What is required:
The expected result is a verbatim repetition of the lines from the start of the entries through the line containing "#21=DIRECTION('',(0.,0.,1.));", with the pictures removed.

Supplied entries:
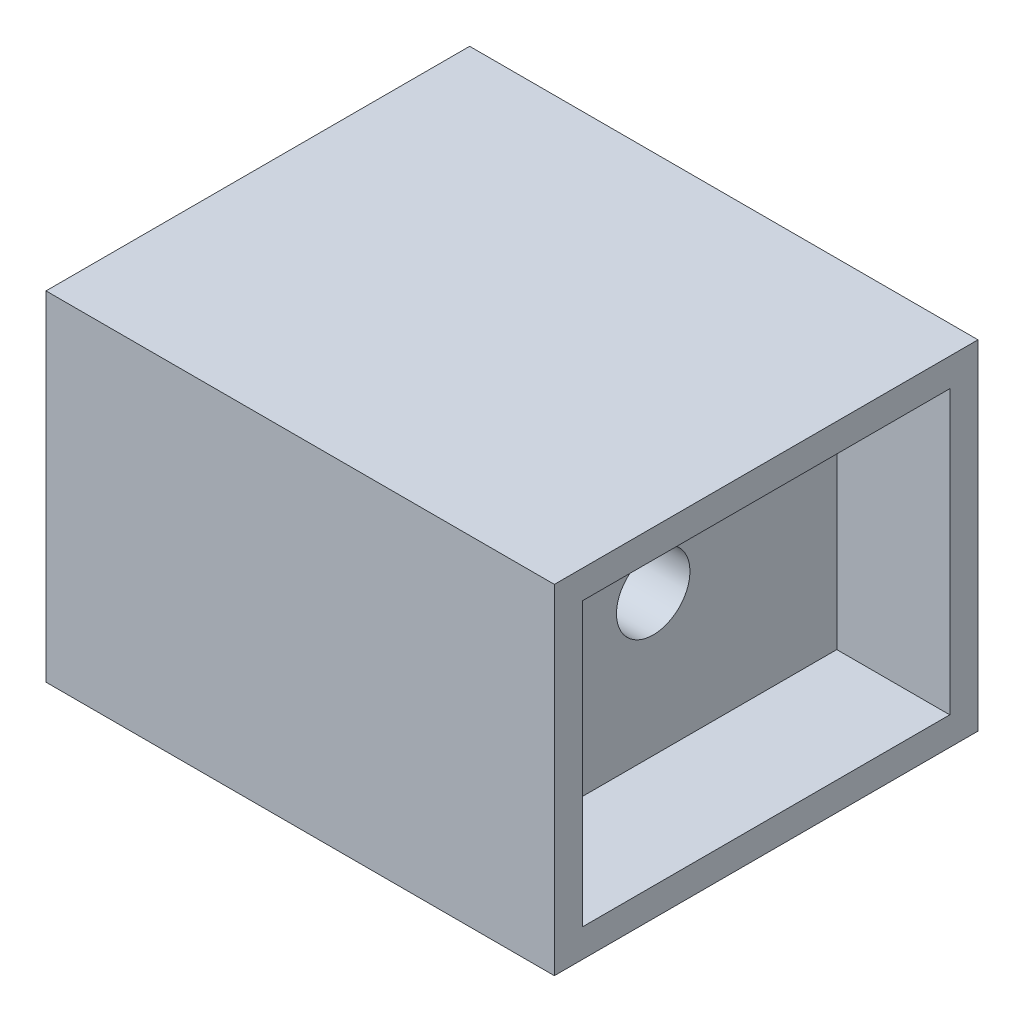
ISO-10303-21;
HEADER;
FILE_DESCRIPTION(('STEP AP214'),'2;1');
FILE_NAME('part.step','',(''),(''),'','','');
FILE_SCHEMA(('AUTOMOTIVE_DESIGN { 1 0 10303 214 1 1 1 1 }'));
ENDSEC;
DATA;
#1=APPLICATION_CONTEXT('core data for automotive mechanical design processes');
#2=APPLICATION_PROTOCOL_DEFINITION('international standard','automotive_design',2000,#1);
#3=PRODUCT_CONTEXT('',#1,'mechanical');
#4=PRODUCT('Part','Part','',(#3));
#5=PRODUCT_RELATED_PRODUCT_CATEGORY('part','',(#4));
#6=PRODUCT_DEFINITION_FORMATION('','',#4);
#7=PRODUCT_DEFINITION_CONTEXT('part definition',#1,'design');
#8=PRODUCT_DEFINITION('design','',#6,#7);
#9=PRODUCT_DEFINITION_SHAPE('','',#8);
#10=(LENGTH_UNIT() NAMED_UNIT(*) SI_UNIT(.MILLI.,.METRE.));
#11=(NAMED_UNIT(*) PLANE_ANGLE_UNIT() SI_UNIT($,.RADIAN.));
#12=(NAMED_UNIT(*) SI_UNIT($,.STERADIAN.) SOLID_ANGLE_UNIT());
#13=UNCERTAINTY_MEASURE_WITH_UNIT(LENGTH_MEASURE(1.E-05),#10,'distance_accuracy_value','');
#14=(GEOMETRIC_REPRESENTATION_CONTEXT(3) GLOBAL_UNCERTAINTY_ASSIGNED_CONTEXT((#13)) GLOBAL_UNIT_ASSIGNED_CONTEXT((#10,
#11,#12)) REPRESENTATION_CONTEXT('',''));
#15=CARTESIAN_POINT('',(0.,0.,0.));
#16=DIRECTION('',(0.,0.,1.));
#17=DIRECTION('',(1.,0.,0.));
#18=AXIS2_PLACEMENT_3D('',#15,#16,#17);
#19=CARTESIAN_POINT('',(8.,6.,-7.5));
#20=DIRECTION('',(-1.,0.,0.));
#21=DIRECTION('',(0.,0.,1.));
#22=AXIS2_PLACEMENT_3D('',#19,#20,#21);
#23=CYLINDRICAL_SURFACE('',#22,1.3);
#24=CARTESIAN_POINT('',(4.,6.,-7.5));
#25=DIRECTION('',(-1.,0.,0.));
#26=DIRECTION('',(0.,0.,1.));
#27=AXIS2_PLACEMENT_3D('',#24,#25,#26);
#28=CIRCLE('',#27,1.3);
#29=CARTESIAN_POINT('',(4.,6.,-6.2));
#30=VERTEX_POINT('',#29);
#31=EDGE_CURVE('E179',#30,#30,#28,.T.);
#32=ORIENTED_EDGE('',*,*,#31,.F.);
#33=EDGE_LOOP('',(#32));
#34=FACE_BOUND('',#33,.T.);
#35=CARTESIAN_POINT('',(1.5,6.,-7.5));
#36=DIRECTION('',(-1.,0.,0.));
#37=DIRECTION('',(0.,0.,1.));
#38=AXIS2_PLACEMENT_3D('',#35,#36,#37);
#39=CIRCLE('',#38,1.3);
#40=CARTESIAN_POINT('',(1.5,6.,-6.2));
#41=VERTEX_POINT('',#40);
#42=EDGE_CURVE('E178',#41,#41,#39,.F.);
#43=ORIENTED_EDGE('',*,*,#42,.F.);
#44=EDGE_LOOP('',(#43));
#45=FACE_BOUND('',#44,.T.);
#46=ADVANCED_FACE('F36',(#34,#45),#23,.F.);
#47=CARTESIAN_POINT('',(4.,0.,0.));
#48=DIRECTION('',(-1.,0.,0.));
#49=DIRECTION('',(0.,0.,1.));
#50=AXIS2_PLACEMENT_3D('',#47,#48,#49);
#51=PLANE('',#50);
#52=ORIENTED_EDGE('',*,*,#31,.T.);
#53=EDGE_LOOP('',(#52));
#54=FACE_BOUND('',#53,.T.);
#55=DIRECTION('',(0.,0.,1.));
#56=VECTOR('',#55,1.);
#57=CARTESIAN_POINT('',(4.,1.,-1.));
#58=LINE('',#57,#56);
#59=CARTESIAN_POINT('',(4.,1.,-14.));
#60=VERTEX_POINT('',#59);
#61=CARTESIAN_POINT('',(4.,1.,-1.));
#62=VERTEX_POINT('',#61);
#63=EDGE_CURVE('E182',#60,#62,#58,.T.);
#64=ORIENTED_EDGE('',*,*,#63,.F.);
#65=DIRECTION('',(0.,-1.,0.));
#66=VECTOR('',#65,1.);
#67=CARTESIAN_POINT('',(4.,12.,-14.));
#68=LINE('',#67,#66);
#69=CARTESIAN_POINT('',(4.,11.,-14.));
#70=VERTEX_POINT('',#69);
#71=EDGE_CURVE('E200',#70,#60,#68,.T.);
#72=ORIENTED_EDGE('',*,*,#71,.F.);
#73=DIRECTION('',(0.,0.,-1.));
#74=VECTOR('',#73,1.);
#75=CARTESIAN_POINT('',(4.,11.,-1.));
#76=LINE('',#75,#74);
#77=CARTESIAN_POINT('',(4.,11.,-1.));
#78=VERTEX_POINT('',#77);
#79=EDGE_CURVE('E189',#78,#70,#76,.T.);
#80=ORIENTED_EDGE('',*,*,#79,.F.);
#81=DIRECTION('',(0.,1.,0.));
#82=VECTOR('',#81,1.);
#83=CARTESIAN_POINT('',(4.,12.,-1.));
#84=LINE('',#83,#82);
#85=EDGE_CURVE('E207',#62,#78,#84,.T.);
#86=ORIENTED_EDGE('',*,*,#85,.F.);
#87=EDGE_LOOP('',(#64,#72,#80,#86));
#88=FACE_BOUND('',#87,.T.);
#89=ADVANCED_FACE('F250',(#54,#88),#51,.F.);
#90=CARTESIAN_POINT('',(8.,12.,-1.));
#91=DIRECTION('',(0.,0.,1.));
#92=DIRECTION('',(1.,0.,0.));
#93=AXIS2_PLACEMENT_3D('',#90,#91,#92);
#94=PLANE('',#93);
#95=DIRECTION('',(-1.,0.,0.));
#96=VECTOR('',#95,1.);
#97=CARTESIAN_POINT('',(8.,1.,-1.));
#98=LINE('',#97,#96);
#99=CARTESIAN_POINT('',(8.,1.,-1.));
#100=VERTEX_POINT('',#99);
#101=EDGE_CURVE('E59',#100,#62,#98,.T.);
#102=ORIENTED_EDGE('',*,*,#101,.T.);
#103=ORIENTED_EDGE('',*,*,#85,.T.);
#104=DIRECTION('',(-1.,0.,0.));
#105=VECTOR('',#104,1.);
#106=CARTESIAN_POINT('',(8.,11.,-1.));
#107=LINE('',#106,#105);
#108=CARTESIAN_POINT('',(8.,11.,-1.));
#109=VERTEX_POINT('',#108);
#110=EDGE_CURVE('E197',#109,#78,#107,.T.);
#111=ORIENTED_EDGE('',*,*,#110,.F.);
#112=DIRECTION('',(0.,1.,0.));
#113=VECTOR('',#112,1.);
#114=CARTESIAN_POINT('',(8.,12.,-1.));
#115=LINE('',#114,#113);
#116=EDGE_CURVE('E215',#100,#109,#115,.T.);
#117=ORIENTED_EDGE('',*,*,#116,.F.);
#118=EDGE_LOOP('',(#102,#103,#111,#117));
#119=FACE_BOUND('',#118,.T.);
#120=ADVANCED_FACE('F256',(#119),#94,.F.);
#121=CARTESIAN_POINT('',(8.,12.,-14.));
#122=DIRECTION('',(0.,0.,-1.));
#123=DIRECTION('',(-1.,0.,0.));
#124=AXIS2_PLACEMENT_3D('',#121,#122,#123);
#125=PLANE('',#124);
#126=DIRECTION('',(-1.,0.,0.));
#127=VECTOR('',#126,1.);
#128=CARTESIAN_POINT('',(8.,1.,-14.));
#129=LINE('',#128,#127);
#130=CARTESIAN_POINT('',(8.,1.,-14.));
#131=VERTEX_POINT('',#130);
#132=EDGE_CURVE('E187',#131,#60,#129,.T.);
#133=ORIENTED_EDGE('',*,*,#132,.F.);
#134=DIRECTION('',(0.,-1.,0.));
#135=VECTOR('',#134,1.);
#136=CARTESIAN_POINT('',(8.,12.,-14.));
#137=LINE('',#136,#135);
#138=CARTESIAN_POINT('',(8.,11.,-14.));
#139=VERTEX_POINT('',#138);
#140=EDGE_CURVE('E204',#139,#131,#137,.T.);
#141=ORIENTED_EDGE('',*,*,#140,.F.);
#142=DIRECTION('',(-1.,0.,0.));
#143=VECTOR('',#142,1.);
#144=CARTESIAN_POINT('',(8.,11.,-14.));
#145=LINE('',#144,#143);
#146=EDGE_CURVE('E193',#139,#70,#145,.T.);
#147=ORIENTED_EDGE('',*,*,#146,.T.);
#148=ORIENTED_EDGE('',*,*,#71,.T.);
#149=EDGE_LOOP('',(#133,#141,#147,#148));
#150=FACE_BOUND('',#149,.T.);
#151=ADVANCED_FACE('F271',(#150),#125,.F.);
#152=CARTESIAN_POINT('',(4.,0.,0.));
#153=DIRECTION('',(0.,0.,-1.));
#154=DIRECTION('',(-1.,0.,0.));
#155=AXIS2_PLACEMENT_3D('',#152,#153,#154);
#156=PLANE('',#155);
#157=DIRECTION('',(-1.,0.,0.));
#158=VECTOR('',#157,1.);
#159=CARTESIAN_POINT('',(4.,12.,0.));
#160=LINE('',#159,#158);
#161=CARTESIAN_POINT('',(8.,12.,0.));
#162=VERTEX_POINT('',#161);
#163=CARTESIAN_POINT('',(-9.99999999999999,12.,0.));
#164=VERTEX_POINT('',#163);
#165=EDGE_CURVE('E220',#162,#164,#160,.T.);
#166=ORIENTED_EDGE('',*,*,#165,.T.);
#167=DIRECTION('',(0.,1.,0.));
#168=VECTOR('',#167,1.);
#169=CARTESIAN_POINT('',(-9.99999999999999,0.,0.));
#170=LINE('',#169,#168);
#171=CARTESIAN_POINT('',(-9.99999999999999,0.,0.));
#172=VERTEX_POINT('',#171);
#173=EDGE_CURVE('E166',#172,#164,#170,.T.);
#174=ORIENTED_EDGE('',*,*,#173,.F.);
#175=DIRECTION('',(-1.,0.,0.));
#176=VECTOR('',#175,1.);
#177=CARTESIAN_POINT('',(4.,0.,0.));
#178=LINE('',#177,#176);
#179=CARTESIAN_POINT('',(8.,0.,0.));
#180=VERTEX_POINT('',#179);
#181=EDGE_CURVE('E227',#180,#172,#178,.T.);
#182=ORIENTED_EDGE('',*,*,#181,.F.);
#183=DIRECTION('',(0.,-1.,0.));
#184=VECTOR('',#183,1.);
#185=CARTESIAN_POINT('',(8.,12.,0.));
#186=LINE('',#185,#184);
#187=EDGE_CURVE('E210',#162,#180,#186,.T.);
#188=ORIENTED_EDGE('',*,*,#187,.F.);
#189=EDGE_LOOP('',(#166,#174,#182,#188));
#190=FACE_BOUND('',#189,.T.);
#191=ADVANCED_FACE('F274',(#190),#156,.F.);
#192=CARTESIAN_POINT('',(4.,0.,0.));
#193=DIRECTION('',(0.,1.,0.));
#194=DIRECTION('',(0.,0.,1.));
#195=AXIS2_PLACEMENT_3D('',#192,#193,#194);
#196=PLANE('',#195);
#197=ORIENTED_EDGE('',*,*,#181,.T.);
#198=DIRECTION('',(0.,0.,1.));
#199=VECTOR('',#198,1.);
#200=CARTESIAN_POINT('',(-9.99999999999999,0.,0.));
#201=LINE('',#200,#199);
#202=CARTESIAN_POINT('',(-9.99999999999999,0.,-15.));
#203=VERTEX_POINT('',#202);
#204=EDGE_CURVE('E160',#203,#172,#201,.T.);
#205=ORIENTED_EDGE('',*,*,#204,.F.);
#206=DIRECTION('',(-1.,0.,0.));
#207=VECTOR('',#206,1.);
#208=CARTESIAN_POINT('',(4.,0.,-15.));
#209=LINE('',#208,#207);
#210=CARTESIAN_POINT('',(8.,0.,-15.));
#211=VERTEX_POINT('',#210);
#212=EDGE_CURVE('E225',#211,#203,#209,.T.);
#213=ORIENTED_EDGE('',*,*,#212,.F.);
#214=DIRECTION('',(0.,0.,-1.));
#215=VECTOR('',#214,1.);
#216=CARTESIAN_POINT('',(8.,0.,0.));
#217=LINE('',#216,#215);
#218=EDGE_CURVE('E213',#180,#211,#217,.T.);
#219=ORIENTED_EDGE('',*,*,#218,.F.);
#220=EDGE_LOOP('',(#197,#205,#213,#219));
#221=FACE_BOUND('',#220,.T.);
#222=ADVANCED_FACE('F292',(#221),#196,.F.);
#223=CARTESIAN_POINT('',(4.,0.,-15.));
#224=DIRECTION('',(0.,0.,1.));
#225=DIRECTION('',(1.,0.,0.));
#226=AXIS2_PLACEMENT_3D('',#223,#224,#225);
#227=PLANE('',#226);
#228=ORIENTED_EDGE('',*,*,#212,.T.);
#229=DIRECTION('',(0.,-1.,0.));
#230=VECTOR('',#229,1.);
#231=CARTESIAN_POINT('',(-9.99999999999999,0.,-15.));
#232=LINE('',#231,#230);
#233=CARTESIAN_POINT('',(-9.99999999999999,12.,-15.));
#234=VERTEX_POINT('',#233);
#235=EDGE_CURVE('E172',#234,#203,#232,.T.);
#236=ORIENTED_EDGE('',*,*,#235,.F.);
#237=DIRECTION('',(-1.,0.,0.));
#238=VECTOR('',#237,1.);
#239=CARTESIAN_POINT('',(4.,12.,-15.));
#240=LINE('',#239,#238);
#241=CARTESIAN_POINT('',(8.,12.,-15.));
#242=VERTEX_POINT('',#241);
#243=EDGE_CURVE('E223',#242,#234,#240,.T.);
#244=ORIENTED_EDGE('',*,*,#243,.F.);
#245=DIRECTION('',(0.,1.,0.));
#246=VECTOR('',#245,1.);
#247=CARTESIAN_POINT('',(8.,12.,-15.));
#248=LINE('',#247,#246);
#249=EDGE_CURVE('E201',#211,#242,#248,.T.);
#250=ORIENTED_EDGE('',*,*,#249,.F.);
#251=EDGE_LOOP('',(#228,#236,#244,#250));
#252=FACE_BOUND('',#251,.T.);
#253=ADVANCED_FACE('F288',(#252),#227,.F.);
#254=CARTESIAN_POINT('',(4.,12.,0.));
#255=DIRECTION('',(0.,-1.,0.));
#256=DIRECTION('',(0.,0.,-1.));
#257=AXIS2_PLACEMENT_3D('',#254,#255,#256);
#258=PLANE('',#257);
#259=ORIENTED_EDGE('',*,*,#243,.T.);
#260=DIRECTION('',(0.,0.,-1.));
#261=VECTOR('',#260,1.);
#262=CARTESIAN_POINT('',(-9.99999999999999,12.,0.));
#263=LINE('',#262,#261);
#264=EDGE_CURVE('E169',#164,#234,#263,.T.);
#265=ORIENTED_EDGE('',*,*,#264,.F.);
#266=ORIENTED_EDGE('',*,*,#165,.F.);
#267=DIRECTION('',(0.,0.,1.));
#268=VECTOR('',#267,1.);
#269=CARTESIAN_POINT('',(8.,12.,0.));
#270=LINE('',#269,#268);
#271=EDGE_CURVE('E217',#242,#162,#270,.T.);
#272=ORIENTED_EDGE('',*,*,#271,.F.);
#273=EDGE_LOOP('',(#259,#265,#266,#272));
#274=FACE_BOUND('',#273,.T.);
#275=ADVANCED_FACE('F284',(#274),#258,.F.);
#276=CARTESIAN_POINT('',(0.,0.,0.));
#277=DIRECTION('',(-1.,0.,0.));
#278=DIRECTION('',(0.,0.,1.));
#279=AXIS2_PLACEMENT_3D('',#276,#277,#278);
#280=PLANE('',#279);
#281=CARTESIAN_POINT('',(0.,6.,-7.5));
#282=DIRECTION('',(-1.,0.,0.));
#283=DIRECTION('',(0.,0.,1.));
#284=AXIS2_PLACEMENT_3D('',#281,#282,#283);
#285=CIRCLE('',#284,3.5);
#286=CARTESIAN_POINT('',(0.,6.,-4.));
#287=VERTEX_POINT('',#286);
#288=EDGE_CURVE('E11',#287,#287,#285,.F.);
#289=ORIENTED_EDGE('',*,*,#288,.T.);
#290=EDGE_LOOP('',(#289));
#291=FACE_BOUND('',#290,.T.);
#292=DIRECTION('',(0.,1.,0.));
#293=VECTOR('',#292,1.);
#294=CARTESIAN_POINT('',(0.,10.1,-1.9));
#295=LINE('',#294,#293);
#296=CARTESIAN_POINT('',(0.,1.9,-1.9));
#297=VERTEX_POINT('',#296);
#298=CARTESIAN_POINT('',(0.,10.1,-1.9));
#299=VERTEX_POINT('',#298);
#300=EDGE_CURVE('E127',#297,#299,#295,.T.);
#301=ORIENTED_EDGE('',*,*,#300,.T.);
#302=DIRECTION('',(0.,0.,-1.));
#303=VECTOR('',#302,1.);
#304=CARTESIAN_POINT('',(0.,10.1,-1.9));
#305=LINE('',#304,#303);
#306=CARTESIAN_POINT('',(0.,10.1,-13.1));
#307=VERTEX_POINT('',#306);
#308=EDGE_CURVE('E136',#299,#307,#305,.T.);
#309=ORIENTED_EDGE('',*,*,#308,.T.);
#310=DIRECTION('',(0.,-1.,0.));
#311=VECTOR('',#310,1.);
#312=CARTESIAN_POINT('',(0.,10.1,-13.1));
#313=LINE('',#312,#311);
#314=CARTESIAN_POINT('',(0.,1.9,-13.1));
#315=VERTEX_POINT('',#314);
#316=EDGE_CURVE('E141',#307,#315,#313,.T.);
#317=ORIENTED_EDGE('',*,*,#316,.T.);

The completed task:
ISO-10303-21;
HEADER;
FILE_DESCRIPTION(('STEP AP214'),'2;1');
FILE_NAME('part.step','',(''),(''),'','','');
FILE_SCHEMA(('AUTOMOTIVE_DESIGN { 1 0 10303 214 1 1 1 1 }'));
ENDSEC;
DATA;
#1=APPLICATION_CONTEXT('core data for automotive mechanical design processes');
#2=APPLICATION_PROTOCOL_DEFINITION('international standard','automotive_design',2000,#1);
#3=PRODUCT_CONTEXT('',#1,'mechanical');
#4=PRODUCT('Part','Part','',(#3));
#5=PRODUCT_RELATED_PRODUCT_CATEGORY('part','',(#4));
#6=PRODUCT_DEFINITION_FORMATION('','',#4);
#7=PRODUCT_DEFINITION_CONTEXT('part definition',#1,'design');
#8=PRODUCT_DEFINITION('design','',#6,#7);
#9=PRODUCT_DEFINITION_SHAPE('','',#8);
#10=(LENGTH_UNIT() NAMED_UNIT(*) SI_UNIT(.MILLI.,.METRE.));
#11=(NAMED_UNIT(*) PLANE_ANGLE_UNIT() SI_UNIT($,.RADIAN.));
#12=(NAMED_UNIT(*) SI_UNIT($,.STERADIAN.) SOLID_ANGLE_UNIT());
#13=UNCERTAINTY_MEASURE_WITH_UNIT(LENGTH_MEASURE(1.E-05),#10,'distance_accuracy_value','');
#14=(GEOMETRIC_REPRESENTATION_CONTEXT(3) GLOBAL_UNCERTAINTY_ASSIGNED_CONTEXT((#13)) GLOBAL_UNIT_ASSIGNED_CONTEXT((#10,
#11,#12)) REPRESENTATION_CONTEXT('',''));
#15=CARTESIAN_POINT('',(0.,0.,0.));
#16=DIRECTION('',(0.,0.,1.));
#17=DIRECTION('',(1.,0.,0.));
#18=AXIS2_PLACEMENT_3D('',#15,#16,#17);
#19=CARTESIAN_POINT('',(8.,6.,-7.5));
#20=DIRECTION('',(-1.,0.,0.));
#21=DIRECTION('',(0.,0.,1.));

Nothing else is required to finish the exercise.